▶ What you need to do
Below are some entries. Copy each line in them that holds "Continuous".

Data extracted from a collection
== Segment start ==
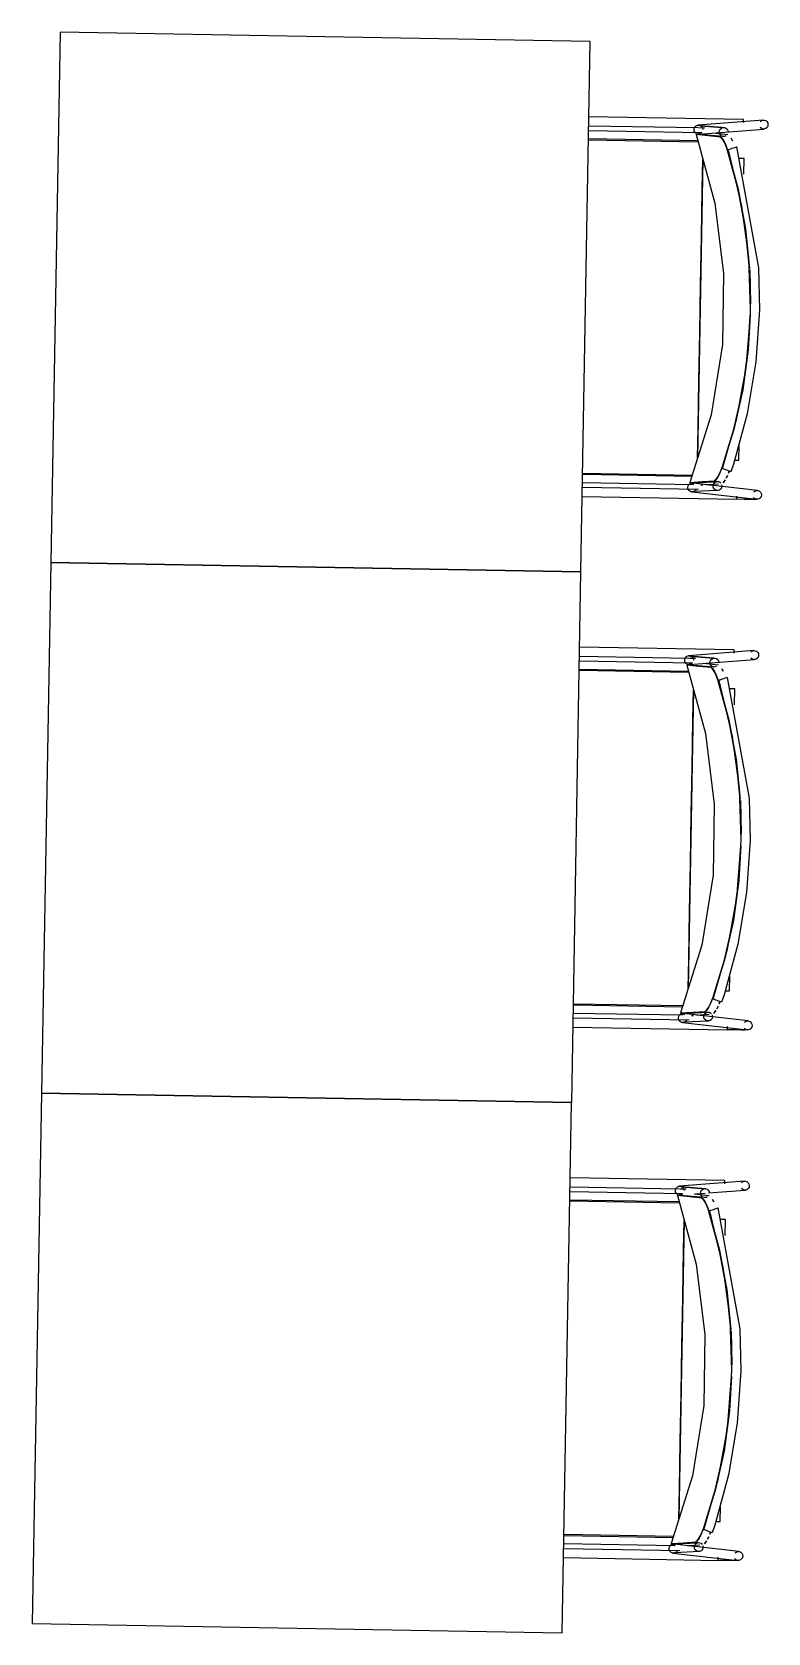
# Model space of a CAD drawing. Header units: metres. Extents: x 2.3 to 42.8, y 0.9 to 31.9.
# Drawn here: x 40.454 to 40.809, y 12.258 to 13.03 of the extents above; entities that cross this region are included whole.
import ezdxf

# ---------------------------------------------------------------- set-up
doc = ezdxf.new("R2010")
doc.units = ezdxf.units.M
doc.layers.add('ARREDI', color=9, linetype='Continuous')
doc.layers.add('PARETI_STRUTTURE', color=7, linetype='Continuous')

msp = doc.modelspace()

# ---------------------------------------------------------------- linework, layer by layer
at = {"layer": 'ARREDI'}
for points in [[(40.46268, 12.77396), (40.71856, 12.76946), (40.72306, 13.02535), (40.46718, 13.02985)], [(40.45817, 12.51807), (40.71406, 12.51357), (40.71856, 12.76946), (40.46267, 12.77396)], [(40.45367, 12.26218), (40.70955, 12.25768), (40.71405, 12.51357), (40.45817, 12.51807)]]:
    msp.add_lwpolyline(points, close=True, dxfattribs=at)
for points in [[(40.78583, 12.97918), (40.77994, 12.97979), (40.77407, 12.98039), (40.78311, 12.94738), (40.78736, 12.91338), (40.78676, 12.8791), (40.7813, 12.84526), (40.77111, 12.8126), (40.77701, 12.81299), (40.78291, 12.81339), (40.78362, 12.8139), (40.78459, 12.81529), (40.78564, 12.81735), (40.78655, 12.81961)], [(40.77421, 12.98089), (40.77363, 12.98136), (40.77324, 12.982), (40.7731, 12.98273), (40.77321, 12.98348), (40.77358, 12.98414)], [(40.77358, 12.98414), (40.77413, 12.98464), (40.77483, 12.9849), (40.77508, 12.98495), (40.77558, 12.98492), (40.77628, 12.98468), (40.77685, 12.98421), (40.77724, 12.98356), (40.7774, 12.98282)], [(40.77407, 12.98039), (40.7769, 12.98143), (40.77407, 12.98039)], [(40.78214, 12.98127), (40.78357, 12.98112), (40.78946, 12.98049)], [(40.78848, 12.97977), (40.7878, 12.9795), (40.78721, 12.97947), (40.78706, 12.97948), (40.78638, 12.97972), (40.78636, 12.97972), (40.7858, 12.98019), (40.78543, 12.98083), (40.7853, 12.98156), (40.78542, 12.98231), (40.78578, 12.98297)], [(40.78578, 12.98297), (40.78633, 12.98347), (40.78703, 12.98375), (40.78761, 12.98377), (40.78776, 12.98376), (40.78839, 12.98355), (40.78844, 12.98352), (40.78901, 12.98305), (40.78937, 12.98241), (40.78951, 12.98168)], [(40.79691, 12.98617), (40.79692, 12.98683)], [(40.79692, 12.98684), (40.79694, 12.98735), (40.79694, 12.98764), (40.79694, 12.9877), (40.79694, 12.98768)], [(40.80497, 12.98657), (40.80552, 12.98705), (40.80622, 12.98733), (40.80647, 12.98737), (40.80697, 12.98735), (40.80768, 12.98711), (40.80825, 12.98664), (40.80864, 12.98599), (40.80879, 12.98525), (40.80866, 12.9845), (40.80832, 12.98385)], [(40.80831, 12.98385), (40.80776, 12.98336), (40.80706, 12.98309), (40.80681, 12.98305), (40.80631, 12.98307), (40.8056, 12.98331), (40.80503, 12.98378)], [(40.72225, 12.97845), (40.77486, 12.97751)], [(40.78582, 12.9792), (40.78652, 12.97868), (40.78741, 12.9773), (40.78838, 12.97525), (40.78925, 12.97284)], [(40.78925, 12.97284), (40.78842, 12.97513), (40.78744, 12.97721), (40.78653, 12.97864), (40.78583, 12.97919)], [(40.78925, 12.97284), (40.79437, 12.95405), (40.79795, 12.93489), (40.79994, 12.91577)], [(40.79994, 12.91574), (40.79796, 12.93482), (40.7944, 12.95395), (40.7893, 12.9727)], [(40.78956, 12.97314), (40.78978, 12.97321), (40.79022, 12.97337), (40.79082, 12.97356)], [(40.79082, 12.97356), (40.79151, 12.97378), (40.79222, 12.97401), (40.79286, 12.97422), (40.79333, 12.97439), (40.79361, 12.97447), (40.79365, 12.97449), (40.79363, 12.97447), (40.7934, 12.9744)], [(40.79161, 12.97743), (40.79105, 12.97861)], [(40.79107, 12.97855), (40.7916, 12.97741)], [(40.77481, 12.82446), (40.77506, 12.83878), (40.77547, 12.86178), (40.77588, 12.88487), (40.77629, 12.90798), (40.77669, 12.93107), (40.77709, 12.95407), (40.77734, 12.96841)], [(40.77735, 12.96839), (40.77482, 12.82449)], [(40.79722, 12.96888), (40.79696, 12.96888), (40.79647, 12.96889), (40.79582, 12.96891), (40.79507, 12.96892)], [(40.79723, 12.96888), (40.79725, 12.96888)], [(40.80035, 12.89882), (40.79997, 12.91511)], [(40.79998, 12.91516), (40.80035, 12.89881)], [(40.80025, 12.89321), (40.79928, 12.87653), (40.79658, 12.85722), (40.79233, 12.83821), (40.78656, 12.81961)], [(40.78661, 12.81975), (40.79236, 12.83831), (40.79659, 12.85729), (40.79929, 12.87656), (40.80024, 12.8932)], [(40.78656, 12.8196), (40.7856, 12.81723), (40.78456, 12.81522), (40.78361, 12.81387), (40.7829, 12.81337)], [(40.7881, 12.81883), (40.7875, 12.81905), (40.78707, 12.8192), (40.78685, 12.81929)], [(40.79085, 12.81782), (40.79058, 12.81791), (40.79011, 12.81809), (40.78948, 12.81832), (40.78879, 12.81858), (40.7881, 12.81883)], [(40.79011, 12.81809), (40.7897, 12.81709)], [(40.78971, 12.81709), (40.79011, 12.81809)], [(40.79251, 12.82332), (40.79325, 12.8233), (40.79391, 12.82329), (40.7944, 12.82329), (40.79466, 12.82327)], [(40.77199, 12.81543), (40.7194, 12.81636)], [(40.77049, 12.80886), (40.77016, 12.80953), (40.77007, 12.81028), (40.77024, 12.81101), (40.77064, 12.81164), (40.77124, 12.8121), (40.77195, 12.8123)], [(40.77323, 12.81173), (40.7711, 12.81259)], [(40.77736, 12.81131), (40.77641, 12.81124)], [(40.78489, 12.81183), (40.7806, 12.81153), (40.77894, 12.81141)], [(40.78273, 12.8096), (40.78239, 12.81027), (40.7823, 12.81102), (40.78245, 12.81175), (40.78285, 12.81238), (40.78342, 12.81282), (40.78343, 12.81284), (40.78413, 12.81305), (40.78428, 12.81306), (40.78486, 12.813), (40.78553, 12.8127), (40.78607, 12.81219)], [(40.78247, 12.81148), (40.78247, 12.81151)], [(40.78641, 12.81151), (40.78651, 12.81076), (40.78634, 12.81004), (40.78595, 12.8094), (40.78537, 12.80896), (40.78531, 12.80893), (40.78467, 12.80875), (40.78452, 12.80874), (40.78394, 12.80879), (40.78326, 12.80908), (40.78273, 12.8096)], [(40.78719, 12.81242), (40.78814, 12.81377)], [(40.78817, 12.81384), (40.78721, 12.81246)], [(40.7886, 12.81465), (40.78918, 12.81578)], [(40.78922, 12.81588), (40.78869, 12.81486)], [(40.77418, 12.80931), (40.77377, 12.80868), (40.77318, 12.80823), (40.77245, 12.808), (40.77197, 12.808), (40.77195, 12.808), (40.77172, 12.80805), (40.77104, 12.80835), (40.7705, 12.80886)], [(40.79371, 12.8045), (40.79371, 12.80448), (40.79371, 12.80454), (40.79371, 12.80483), (40.79373, 12.80534)], [(40.79373, 12.80534), (40.79374, 12.80601)], [(40.80521, 12.80793), (40.80554, 12.80726), (40.80563, 12.80651), (40.80546, 12.80577), (40.80506, 12.80515), (40.80446, 12.80469), (40.80375, 12.80448), (40.80325, 12.80448), (40.80324, 12.80448), (40.803, 12.80452), (40.80232, 12.80482), (40.80178, 12.80533)], [(40.80193, 12.80811), (40.80253, 12.80855), (40.80324, 12.80878), (40.80374, 12.80878), (40.80399, 12.80873), (40.80467, 12.80844), (40.80521, 12.80793)], [(40.76971, 12.725), (40.76913, 12.72547), (40.76874, 12.72611), (40.7686, 12.72684), (40.76871, 12.72759), (40.76907, 12.72825)], [(40.76907, 12.72825), (40.76963, 12.72875), (40.77032, 12.72901), (40.77057, 12.72906), (40.77107, 12.72903), (40.77178, 12.72879), (40.77235, 12.72832), (40.77274, 12.72767), (40.77289, 12.72693)], [(40.76956, 12.7245), (40.77239, 12.72554), (40.76956, 12.7245)], [(40.77763, 12.72538), (40.77906, 12.72523), (40.78495, 12.7246)], [(40.78397, 12.72388), (40.78329, 12.72361), (40.78271, 12.72358), (40.78255, 12.72359), (40.78187, 12.72383), (40.78186, 12.72383), (40.78129, 12.7243), (40.78093, 12.72494), (40.78079, 12.72567), (40.78091, 12.72642), (40.78128, 12.72708)], [(40.78127, 12.72708), (40.78183, 12.72758), (40.78252, 12.72786), (40.7831, 12.72788), (40.78326, 12.72787), (40.78388, 12.72766), (40.78394, 12.72763), (40.78451, 12.72716), (40.78488, 12.72652), (40.78501, 12.72579)], [(40.79241, 12.73028), (40.79242, 12.73094)], [(40.79242, 12.73095), (40.79243, 12.73146), (40.79243, 12.73175), (40.79243, 12.73181), (40.79243, 12.73179)], [(40.80046, 12.73068), (40.80102, 12.73116), (40.80171, 12.73144), (40.80196, 12.73148), (40.80246, 12.73146), (40.80317, 12.73122), (40.80374, 12.73075), (40.80413, 12.7301), (40.80428, 12.72936), (40.80416, 12.72861), (40.80381, 12.72796)], [(40.80381, 12.72796), (40.80325, 12.72747), (40.80256, 12.7272), (40.80231, 12.72715), (40.80181, 12.72718), (40.8011, 12.72742), (40.80053, 12.72789)], [(40.71774, 12.72255), (40.77035, 12.72162)], [(40.78133, 12.72329), (40.77544, 12.7239), (40.76956, 12.7245), (40.7786, 12.69149), (40.78285, 12.65749), (40.78226, 12.62321), (40.7768, 12.58938), (40.7666, 12.55671), (40.77251, 12.5571), (40.77841, 12.5575), (40.77912, 12.55801), (40.78009, 12.5594), (40.78113, 12.56146), (40.78205, 12.56372)], [(40.78132, 12.72331), (40.782, 12.72279), (40.7829, 12.72141), (40.78387, 12.71935), (40.78475, 12.71695)], [(40.78474, 12.71695), (40.78391, 12.71924), (40.78294, 12.72133), (40.78202, 12.72276), (40.78133, 12.7233)], [(40.78505, 12.71725), (40.78527, 12.71732), (40.78572, 12.71748), (40.78631, 12.71767)], [(40.78632, 12.71767), (40.78701, 12.71789), (40.78772, 12.71813), (40.78836, 12.71833), (40.78883, 12.7185), (40.78909, 12.71858), (40.78915, 12.7186), (40.78912, 12.7186), (40.7889, 12.71851)], [(40.7871, 12.72154), (40.78655, 12.72272)], [(40.78656, 12.72266), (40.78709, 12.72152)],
== Segment end ==
▶ Answer to this problem
doc.layers.add('ARREDI', color=9, linetype='Continuous')
doc.layers.add('PARETI_STRUTTURE', color=7, linetype='Continuous')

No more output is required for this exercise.